### WORK REQUEST
Give back exactly the stretch of data below from the line holding "#116=CARTESIAN_POINT('',(8.49999999999999,0.,8.5));" through the line holding "#138=LINE('',#137,#136);", both ends included, and leave the remaining lines out.

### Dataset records
-- Opening Marker --

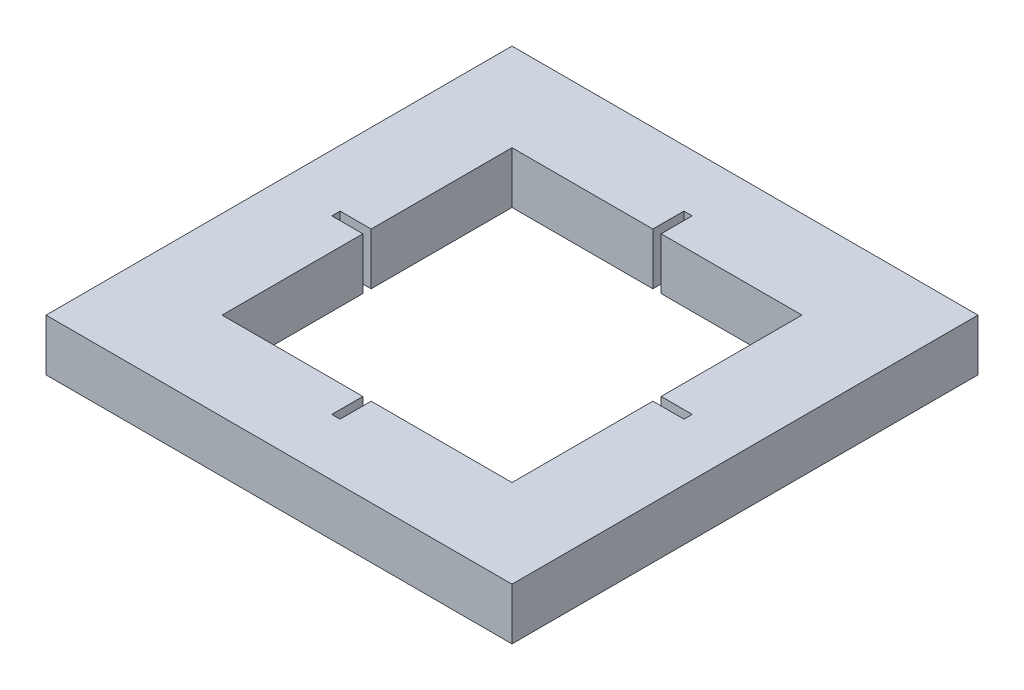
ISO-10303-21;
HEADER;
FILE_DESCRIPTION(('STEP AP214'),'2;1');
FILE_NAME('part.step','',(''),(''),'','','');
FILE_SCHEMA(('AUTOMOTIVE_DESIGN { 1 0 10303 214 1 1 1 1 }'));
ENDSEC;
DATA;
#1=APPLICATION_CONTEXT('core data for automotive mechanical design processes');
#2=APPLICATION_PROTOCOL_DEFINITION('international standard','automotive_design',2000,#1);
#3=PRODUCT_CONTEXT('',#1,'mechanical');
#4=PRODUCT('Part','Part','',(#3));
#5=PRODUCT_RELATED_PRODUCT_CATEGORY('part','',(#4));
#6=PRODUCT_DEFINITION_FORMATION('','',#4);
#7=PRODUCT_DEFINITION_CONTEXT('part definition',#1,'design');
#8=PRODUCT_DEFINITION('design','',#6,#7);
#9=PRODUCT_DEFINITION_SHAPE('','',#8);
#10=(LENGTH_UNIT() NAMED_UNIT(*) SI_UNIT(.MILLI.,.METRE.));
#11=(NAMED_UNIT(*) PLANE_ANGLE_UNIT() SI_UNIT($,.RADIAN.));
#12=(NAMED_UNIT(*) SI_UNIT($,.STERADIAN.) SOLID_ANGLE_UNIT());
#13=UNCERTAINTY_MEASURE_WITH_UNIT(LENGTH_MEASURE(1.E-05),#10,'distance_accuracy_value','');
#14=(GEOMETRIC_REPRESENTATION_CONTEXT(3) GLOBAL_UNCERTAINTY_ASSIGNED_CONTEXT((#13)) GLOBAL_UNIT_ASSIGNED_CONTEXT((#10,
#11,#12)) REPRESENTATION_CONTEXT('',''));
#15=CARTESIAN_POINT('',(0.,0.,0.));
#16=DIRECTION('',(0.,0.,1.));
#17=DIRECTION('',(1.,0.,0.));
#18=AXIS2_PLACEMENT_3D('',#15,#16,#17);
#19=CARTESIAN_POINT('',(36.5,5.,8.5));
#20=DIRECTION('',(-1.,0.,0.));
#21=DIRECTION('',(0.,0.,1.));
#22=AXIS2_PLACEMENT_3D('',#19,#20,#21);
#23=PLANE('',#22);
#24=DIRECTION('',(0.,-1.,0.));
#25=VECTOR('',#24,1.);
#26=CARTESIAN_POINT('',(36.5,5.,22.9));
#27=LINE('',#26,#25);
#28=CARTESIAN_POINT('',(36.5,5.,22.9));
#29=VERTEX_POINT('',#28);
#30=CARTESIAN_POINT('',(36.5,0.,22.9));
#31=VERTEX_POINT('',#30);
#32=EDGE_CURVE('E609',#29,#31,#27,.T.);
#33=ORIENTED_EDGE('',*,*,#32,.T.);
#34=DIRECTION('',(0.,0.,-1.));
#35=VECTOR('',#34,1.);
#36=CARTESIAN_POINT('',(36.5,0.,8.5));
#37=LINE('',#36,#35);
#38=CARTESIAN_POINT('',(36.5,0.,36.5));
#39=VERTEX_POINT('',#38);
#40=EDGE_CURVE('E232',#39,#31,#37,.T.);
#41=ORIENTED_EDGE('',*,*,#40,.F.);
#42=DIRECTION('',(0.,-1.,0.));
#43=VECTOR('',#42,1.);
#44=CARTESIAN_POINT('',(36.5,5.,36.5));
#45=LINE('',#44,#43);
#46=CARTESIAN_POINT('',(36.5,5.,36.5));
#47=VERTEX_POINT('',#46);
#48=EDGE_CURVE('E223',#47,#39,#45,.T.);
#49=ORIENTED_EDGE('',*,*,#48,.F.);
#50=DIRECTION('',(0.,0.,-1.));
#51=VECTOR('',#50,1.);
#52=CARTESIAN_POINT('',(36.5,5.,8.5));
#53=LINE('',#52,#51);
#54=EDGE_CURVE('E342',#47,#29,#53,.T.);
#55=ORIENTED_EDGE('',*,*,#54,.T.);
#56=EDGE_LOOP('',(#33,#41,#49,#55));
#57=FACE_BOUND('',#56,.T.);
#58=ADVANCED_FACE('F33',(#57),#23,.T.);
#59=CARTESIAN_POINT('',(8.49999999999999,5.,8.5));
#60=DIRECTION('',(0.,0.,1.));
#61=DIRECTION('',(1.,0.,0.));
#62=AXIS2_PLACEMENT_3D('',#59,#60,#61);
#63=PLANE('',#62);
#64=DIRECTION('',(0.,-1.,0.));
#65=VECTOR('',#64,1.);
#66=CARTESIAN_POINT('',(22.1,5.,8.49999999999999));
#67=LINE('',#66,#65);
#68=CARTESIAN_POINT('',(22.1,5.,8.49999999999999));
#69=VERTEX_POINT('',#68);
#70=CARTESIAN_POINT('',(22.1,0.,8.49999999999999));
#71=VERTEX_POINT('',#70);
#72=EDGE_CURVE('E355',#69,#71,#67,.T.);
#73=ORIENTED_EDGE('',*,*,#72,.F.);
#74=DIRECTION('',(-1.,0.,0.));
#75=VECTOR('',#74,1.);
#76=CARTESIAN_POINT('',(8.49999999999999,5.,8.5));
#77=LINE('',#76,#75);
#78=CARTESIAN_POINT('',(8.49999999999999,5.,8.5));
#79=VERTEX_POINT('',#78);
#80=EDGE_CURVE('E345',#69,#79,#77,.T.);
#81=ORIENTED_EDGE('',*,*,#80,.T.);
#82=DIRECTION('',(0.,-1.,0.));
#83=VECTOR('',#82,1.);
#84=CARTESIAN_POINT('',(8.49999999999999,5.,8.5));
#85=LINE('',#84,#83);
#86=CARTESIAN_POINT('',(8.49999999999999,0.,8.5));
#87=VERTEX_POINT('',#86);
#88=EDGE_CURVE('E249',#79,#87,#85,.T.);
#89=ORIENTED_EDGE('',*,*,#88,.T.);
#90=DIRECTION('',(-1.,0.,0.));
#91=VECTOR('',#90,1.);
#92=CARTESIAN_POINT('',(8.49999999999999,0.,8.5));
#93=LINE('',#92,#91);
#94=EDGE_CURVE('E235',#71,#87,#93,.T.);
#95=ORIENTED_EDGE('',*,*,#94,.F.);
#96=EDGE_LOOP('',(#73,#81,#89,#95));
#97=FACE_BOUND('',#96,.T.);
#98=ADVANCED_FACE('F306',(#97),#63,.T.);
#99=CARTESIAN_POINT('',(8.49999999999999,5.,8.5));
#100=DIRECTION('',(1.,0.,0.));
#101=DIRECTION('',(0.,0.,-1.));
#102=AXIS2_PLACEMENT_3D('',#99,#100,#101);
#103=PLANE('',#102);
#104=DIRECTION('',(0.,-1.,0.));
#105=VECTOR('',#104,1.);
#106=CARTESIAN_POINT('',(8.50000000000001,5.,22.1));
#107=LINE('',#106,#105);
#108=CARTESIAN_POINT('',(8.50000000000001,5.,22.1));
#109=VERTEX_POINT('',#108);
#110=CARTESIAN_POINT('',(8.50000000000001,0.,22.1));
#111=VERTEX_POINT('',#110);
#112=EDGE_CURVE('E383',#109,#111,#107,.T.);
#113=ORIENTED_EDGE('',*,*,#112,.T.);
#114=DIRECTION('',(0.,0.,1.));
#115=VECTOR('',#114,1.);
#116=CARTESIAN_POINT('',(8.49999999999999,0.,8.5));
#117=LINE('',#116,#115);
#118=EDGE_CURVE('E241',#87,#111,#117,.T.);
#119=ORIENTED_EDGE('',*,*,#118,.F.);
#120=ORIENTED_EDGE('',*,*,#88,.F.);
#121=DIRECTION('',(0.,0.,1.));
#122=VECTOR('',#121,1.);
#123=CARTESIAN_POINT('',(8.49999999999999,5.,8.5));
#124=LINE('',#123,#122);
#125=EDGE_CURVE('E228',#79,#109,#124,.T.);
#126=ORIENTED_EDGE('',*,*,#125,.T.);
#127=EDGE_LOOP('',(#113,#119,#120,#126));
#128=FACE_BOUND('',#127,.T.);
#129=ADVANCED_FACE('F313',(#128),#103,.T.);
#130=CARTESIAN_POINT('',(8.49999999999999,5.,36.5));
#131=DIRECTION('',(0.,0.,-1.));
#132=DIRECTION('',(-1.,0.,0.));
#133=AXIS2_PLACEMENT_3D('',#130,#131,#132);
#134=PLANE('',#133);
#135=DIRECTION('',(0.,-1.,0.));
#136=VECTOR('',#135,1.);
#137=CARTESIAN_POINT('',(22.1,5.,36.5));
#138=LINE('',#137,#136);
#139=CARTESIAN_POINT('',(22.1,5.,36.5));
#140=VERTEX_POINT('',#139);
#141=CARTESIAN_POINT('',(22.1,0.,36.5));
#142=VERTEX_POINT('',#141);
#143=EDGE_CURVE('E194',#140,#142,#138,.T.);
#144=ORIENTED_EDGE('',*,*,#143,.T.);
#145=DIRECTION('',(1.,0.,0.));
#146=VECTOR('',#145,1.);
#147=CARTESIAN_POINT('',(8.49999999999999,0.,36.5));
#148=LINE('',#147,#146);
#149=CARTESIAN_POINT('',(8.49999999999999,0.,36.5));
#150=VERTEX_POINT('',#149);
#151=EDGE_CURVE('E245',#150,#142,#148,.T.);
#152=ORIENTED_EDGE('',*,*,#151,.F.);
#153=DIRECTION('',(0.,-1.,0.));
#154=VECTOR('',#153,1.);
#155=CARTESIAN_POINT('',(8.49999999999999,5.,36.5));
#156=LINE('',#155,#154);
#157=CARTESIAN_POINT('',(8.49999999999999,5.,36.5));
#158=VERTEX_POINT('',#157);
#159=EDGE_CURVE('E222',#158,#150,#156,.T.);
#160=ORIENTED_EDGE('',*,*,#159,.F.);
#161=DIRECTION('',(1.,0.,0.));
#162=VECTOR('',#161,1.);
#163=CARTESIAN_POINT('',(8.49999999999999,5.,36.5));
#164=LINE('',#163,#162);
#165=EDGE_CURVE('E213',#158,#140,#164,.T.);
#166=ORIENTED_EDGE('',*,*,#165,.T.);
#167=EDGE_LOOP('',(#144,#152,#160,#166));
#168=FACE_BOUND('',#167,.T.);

-- Closing Marker --

### YOUR RESPONSE
#116=CARTESIAN_POINT('',(8.49999999999999,0.,8.5));
#117=LINE('',#116,#115);
#118=EDGE_CURVE('E241',#87,#111,#117,.T.);
#119=ORIENTED_EDGE('',*,*,#118,.F.);
#120=ORIENTED_EDGE('',*,*,#88,.F.);
#121=DIRECTION('',(0.,0.,1.));
#122=VECTOR('',#121,1.);
#123=CARTESIAN_POINT('',(8.49999999999999,5.,8.5));
#124=LINE('',#123,#122);
#125=EDGE_CURVE('E228',#79,#109,#124,.T.);
#126=ORIENTED_EDGE('',*,*,#125,.T.);
#127=EDGE_LOOP('',(#113,#119,#120,#126));
#128=FACE_BOUND('',#127,.T.);
#129=ADVANCED_FACE('F313',(#128),#103,.T.);
#130=CARTESIAN_POINT('',(8.49999999999999,5.,36.5));
#131=DIRECTION('',(0.,0.,-1.));
#132=DIRECTION('',(-1.,0.,0.));
#133=AXIS2_PLACEMENT_3D('',#130,#131,#132);
#134=PLANE('',#133);
#135=DIRECTION('',(0.,-1.,0.));
#136=VECTOR('',#135,1.);
#137=CARTESIAN_POINT('',(22.1,5.,36.5));
#138=LINE('',#137,#136);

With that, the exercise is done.